Sunday, August 11, 2013

Writers’ Brain Wiring: Are Writers born or made?



I was 12 when I realized that (unlike me) not everyone had stories and characters roaming around in their brain. I have been writing stories in my head as far back as I can remember, but I was in the second grade when I first got to share a story with others.  This was all thanks to Miss Kerr, my teacher, may she rest in peace.  I just assumed that everyone had this other life going on in their heads  because to me it was like breathing.  Characters would present themselves to me and I would have to write them down to make them live.  I had no choice.  I still have no choice these many years later.  A word can set me off, a smell, a random thought, and there I go down the road to adventure, walking in someone else’s shoes, living another life—nothing like it on earth.  Are we born this way?
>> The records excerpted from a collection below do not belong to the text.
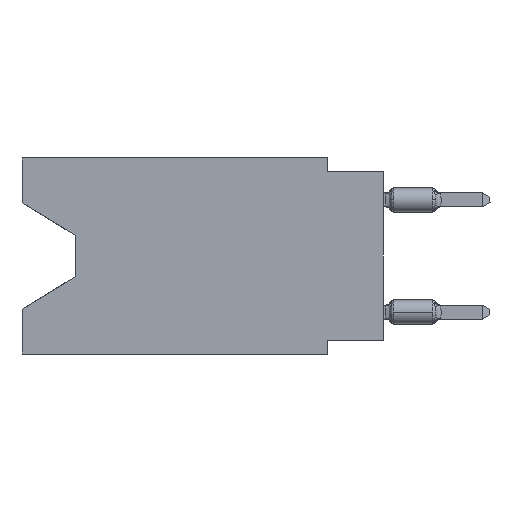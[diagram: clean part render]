
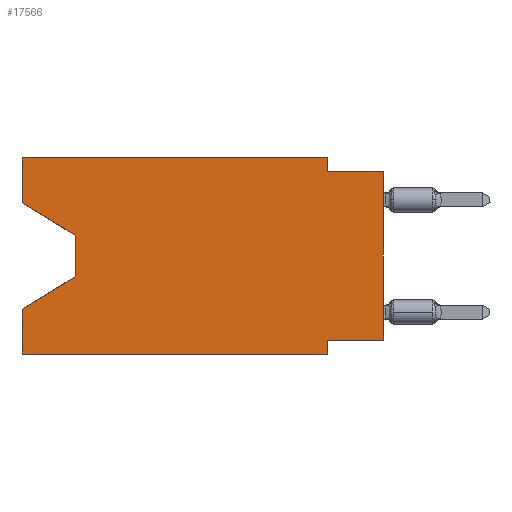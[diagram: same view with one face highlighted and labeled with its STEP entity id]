
A CAD part, left-side view. The second image highlights one B-rep face of the part: STEP entity #17566.
In plain terms, the highlighted planar face has unit normal (-1, 0, 0).
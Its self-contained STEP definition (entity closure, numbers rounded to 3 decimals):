
#101 = DIRECTION ( 'NONE',  ( 0., 0., 1. ) ) ;
#2378 = CARTESIAN_POINT ( 'NONE',  ( 0., 16.383, 0. ) ) ;
#3461 = ORIENTED_EDGE ( 'NONE', *, *, #34422, .F. ) ;
#3567 = VECTOR ( 'NONE', #6020, 1000. ) ;
#4142 = AXIS2_PLACEMENT_3D ( 'NONE', #36764, #6589, #27652 ) ;
#5120 = CARTESIAN_POINT ( 'NONE',  ( 0., 2.54, -8.89 ) ) ;
#5121 = LINE ( 'NONE', #20227, #5586 ) ;
#5586 = VECTOR ( 'NONE', #38464, 1000. ) ;
#6020 = DIRECTION ( 'NONE',  ( 0., 0., -1. ) ) ;
#6265 = VERTEX_POINT ( 'NONE', #30282 ) ;
#6589 = DIRECTION ( 'NONE',  ( 1., 0., 0. ) ) ;
#6640 = EDGE_CURVE ( 'NONE', #6265, #20383, #18404, .T. ) ;
#7686 = ORIENTED_EDGE ( 'NONE', *, *, #30741, .F. ) ;
#8720 = VECTOR ( 'NONE', #19981, 1000. ) ;
#8990 = VECTOR ( 'NONE', #30070, 1000. ) ;
#9842 = LINE ( 'NONE', #18974, #15017 ) ;
#10218 = ORIENTED_EDGE ( 'NONE', *, *, #10350, .F. ) ;
#10350 = EDGE_CURVE ( 'NONE', #30414, #26189, #5121, .T. ) ;
#10422 = LINE ( 'NONE', #22715, #27890 ) ;
#11227 = VERTEX_POINT ( 'NONE', #33577 ) ;
#11464 = VECTOR ( 'NONE', #101, 1000. ) ;
#11868 = CARTESIAN_POINT ( 'NONE',  ( 0., 2.54, -0.635 ) ) ;
#11984 = VERTEX_POINT ( 'NONE', #5120 ) ;
#12243 = CARTESIAN_POINT ( 'NONE',  ( 0., 16.383, 0. ) ) ;
#12702 = ORIENTED_EDGE ( 'NONE', *, *, #6640, .T. ) ;
#12708 = EDGE_CURVE ( 'NONE', #30974, #6265, #15519, .T. ) ;
#12961 = FACE_OUTER_BOUND ( 'NONE', #28399, .T. ) ;
#13215 = DIRECTION ( 'NONE',  ( 0., -0.855, -0.519 ) ) ;
#13464 = LINE ( 'NONE', #12243, #11464 ) ;
#13681 = VECTOR ( 'NONE', #31663, 1000. ) ;
#14174 = VERTEX_POINT ( 'NONE', #35227 ) ;
#14994 = CARTESIAN_POINT ( 'NONE',  ( 0., 0., -8.255 ) ) ;
#15017 = VECTOR ( 'NONE', #21936, 1000. ) ;
#15519 = LINE ( 'NONE', #26821, #25815 ) ;
#16475 = CARTESIAN_POINT ( 'NONE',  ( 0., 2.54, 0. ) ) ;
#16983 = LINE ( 'NONE', #26281, #13681 ) ;
#17196 = CARTESIAN_POINT ( 'NONE',  ( 0., 0., 0. ) ) ;
#17282 = EDGE_CURVE ( 'NONE', #11227, #11984, #16983, .T. ) ;
#17566 = ADVANCED_FACE ( 'NONE', ( #12961 ), #21872, .F. ) ;
#17863 = VERTEX_POINT ( 'NONE', #29990 ) ;
#18331 = CARTESIAN_POINT ( 'NONE',  ( 0., 16.383, -2.038 ) ) ;
#18404 = LINE ( 'NONE', #27512, #21557 ) ;
#18519 = ORIENTED_EDGE ( 'NONE', *, *, #37679, .T. ) ;
#18682 = ORIENTED_EDGE ( 'NONE', *, *, #17282, .F. ) ;
#18974 = CARTESIAN_POINT ( 'NONE',  ( 0., 16.383, 0. ) ) ;
#19981 = DIRECTION ( 'NONE',  ( 0., -1., 0. ) ) ;
#19983 = ORIENTED_EDGE ( 'NONE', *, *, #12708, .T. ) ;
#20227 = CARTESIAN_POINT ( 'NONE',  ( 0., 0., -0.635 ) ) ;
#20383 = VERTEX_POINT ( 'NONE', #33936 ) ;
#20426 = LINE ( 'NONE', #2378, #24893 ) ;
#20601 = VERTEX_POINT ( 'NONE', #16475 ) ;
#21557 = VECTOR ( 'NONE', #24147, 1000. ) ;
#21872 = PLANE ( 'NONE',  #4142 ) ;
#21884 = ORIENTED_EDGE ( 'NONE', *, *, #39240, .T. ) ;
#21936 = DIRECTION ( 'NONE',  ( 0., -1., 0. ) ) ;
#21978 = VERTEX_POINT ( 'NONE', #18331 ) ;
#22715 = CARTESIAN_POINT ( 'NONE',  ( 0., 16.383, -2.038 ) ) ;
#24147 = DIRECTION ( 'NONE',  ( 0., 0.855, -0.519 ) ) ;
#24893 = VECTOR ( 'NONE', #26583, 1000. ) ;
#24943 = EDGE_CURVE ( 'NONE', #17863, #11227, #29873, .T. ) ;
#25293 = ORIENTED_EDGE ( 'NONE', *, *, #30562, .F. ) ;
#25815 = VECTOR ( 'NONE', #27023, 1000. ) ;
#25935 = EDGE_CURVE ( 'NONE', #17863, #26189, #35044, .T. ) ;
#26189 = VERTEX_POINT ( 'NONE', #33462 ) ;
#26281 = CARTESIAN_POINT ( 'NONE',  ( 0., 2.54, -8.89 ) ) ;
#26583 = DIRECTION ( 'NONE',  ( 0., 0., 1. ) ) ;
#26821 = CARTESIAN_POINT ( 'NONE',  ( 0., 13.97, -3.505 ) ) ;
#26887 = ORIENTED_EDGE ( 'NONE', *, *, #24943, .F. ) ;
#26892 = VERTEX_POINT ( 'NONE', #39113 ) ;
#27023 = DIRECTION ( 'NONE',  ( 0., 0., -1. ) ) ;
#27425 = VECTOR ( 'NONE', #29299, 1000. ) ;
#27457 = CARTESIAN_POINT ( 'NONE',  ( 0., 2.54, 0. ) ) ;
#27512 = CARTESIAN_POINT ( 'NONE',  ( 0., 13.97, -5.385 ) ) ;
#27652 = DIRECTION ( 'NONE',  ( 0., 0., -1. ) ) ;
#27890 = VECTOR ( 'NONE', #13215, 1000. ) ;
#28399 = EDGE_LOOP ( 'NONE', ( #21884, #19983, #12702, #37178, #18519, #18682, #26887, #33404, #10218, #7686, #25293, #3461 ) ) ;
#28874 = EDGE_CURVE ( 'NONE', #14174, #20383, #13464, .T. ) ;
#29299 = DIRECTION ( 'NONE',  ( 0., 0., 1. ) ) ;
#29873 = LINE ( 'NONE', #14994, #8990 ) ;
#29990 = CARTESIAN_POINT ( 'NONE',  ( 0., 0., -8.255 ) ) ;
#30070 = DIRECTION ( 'NONE',  ( 0., 1., 0. ) ) ;
#30282 = CARTESIAN_POINT ( 'NONE',  ( 0., 13.97, -5.385 ) ) ;
#30414 = VERTEX_POINT ( 'NONE', #11868 ) ;
#30562 = EDGE_CURVE ( 'NONE', #26892, #20601, #9842, .T. ) ;
#30741 = EDGE_CURVE ( 'NONE', #20601, #30414, #36388, .T. ) ;
#30974 = VERTEX_POINT ( 'NONE', #31168 ) ;
#31168 = CARTESIAN_POINT ( 'NONE',  ( 0., 13.97, -3.505 ) ) ;
#31663 = DIRECTION ( 'NONE',  ( 0., 0., -1. ) ) ;
#33404 = ORIENTED_EDGE ( 'NONE', *, *, #25935, .T. ) ;
#33462 = CARTESIAN_POINT ( 'NONE',  ( 0., 0., -0.635 ) ) ;
#33577 = CARTESIAN_POINT ( 'NONE',  ( 0., 2.54, -8.255 ) ) ;
#33936 = CARTESIAN_POINT ( 'NONE',  ( 0., 16.383, -6.852 ) ) ;
#34422 = EDGE_CURVE ( 'NONE', #21978, #26892, #20426, .T. ) ;
#35044 = LINE ( 'NONE', #17196, #27425 ) ;
#35046 = LINE ( 'NONE', #38016, #8720 ) ;
#35227 = CARTESIAN_POINT ( 'NONE',  ( 0., 16.383, -8.89 ) ) ;
#36388 = LINE ( 'NONE', #27457, #3567 ) ;
#36764 = CARTESIAN_POINT ( 'NONE',  ( 0., 16.383, 0. ) ) ;
#37178 = ORIENTED_EDGE ( 'NONE', *, *, #28874, .F. ) ;
#37679 = EDGE_CURVE ( 'NONE', #14174, #11984, #35046, .T. ) ;
#38016 = CARTESIAN_POINT ( 'NONE',  ( 0., 16.383, -8.89 ) ) ;
#38464 = DIRECTION ( 'NONE',  ( 0., -1., 0. ) ) ;
#39113 = CARTESIAN_POINT ( 'NONE',  ( 0., 16.383, 0. ) ) ;
#39240 = EDGE_CURVE ( 'NONE', #21978, #30974, #10422, .T. ) ;

If you feel that you have no choice but to write then you are a true writer.  Whether it is always good writing or not it doesn’t matter; if you are compelled to tell your stories, then you should because the more you do, the better writer you become.  Are writers born or made?  Everyone is formed by their own genetic roll of the dice and brain wiring, and then environmental influences and education are piled on.  How or why a writer’s brain is different, or an artist’s brain, and so on, we might ask?  I am not sure there is any one answer to that, but I know enough writers to know that our brains do work a bit differently than maybe a lawyer or police officer. Though some lawyers are brilliant and can write compelling briefs and do spellbinding presentations in court, that is a different brain process than taking a word, a character blip, a tiny gem of a story idea and making it live on its own.   


One could argue that our writer’s brain wiring is a bit “off” and I have heard that argument.  Writers live in two worlds (sometimes more) and that is more than most people get to inhabit.  So are we born or are we made?  Each person who reads this will have an opinion, but I think we are born to be writers just like some are born to be artists or engineers.  Oftentimes some of us aren’t able to fulfill our destiny and that is a shame.  Can you imagine if Stephen King, story teller extraordinaire, had given up after getting a ton of rejections, and just kept teaching?  Great for his students but what a loss for so many readers and so many writers who learned from his work.  No matter how many rejections, if you know in your heart and in your head that you are born to write, then write and keep writing.  There is no easy road for most of us, but there is no excuse either.  You have the brain for it, after all.  Just do it because you were born to do it.  

~~ Vicki Carroll

Vicki is a writer living in Atlanta, GA.  She is most recently featured in the July/August issue of Southern Writers Magazine.

2 comments:

  1. Considering I'm both an engineer and a writer, I'm going with the idea that our destiny is somewhat up to us. :)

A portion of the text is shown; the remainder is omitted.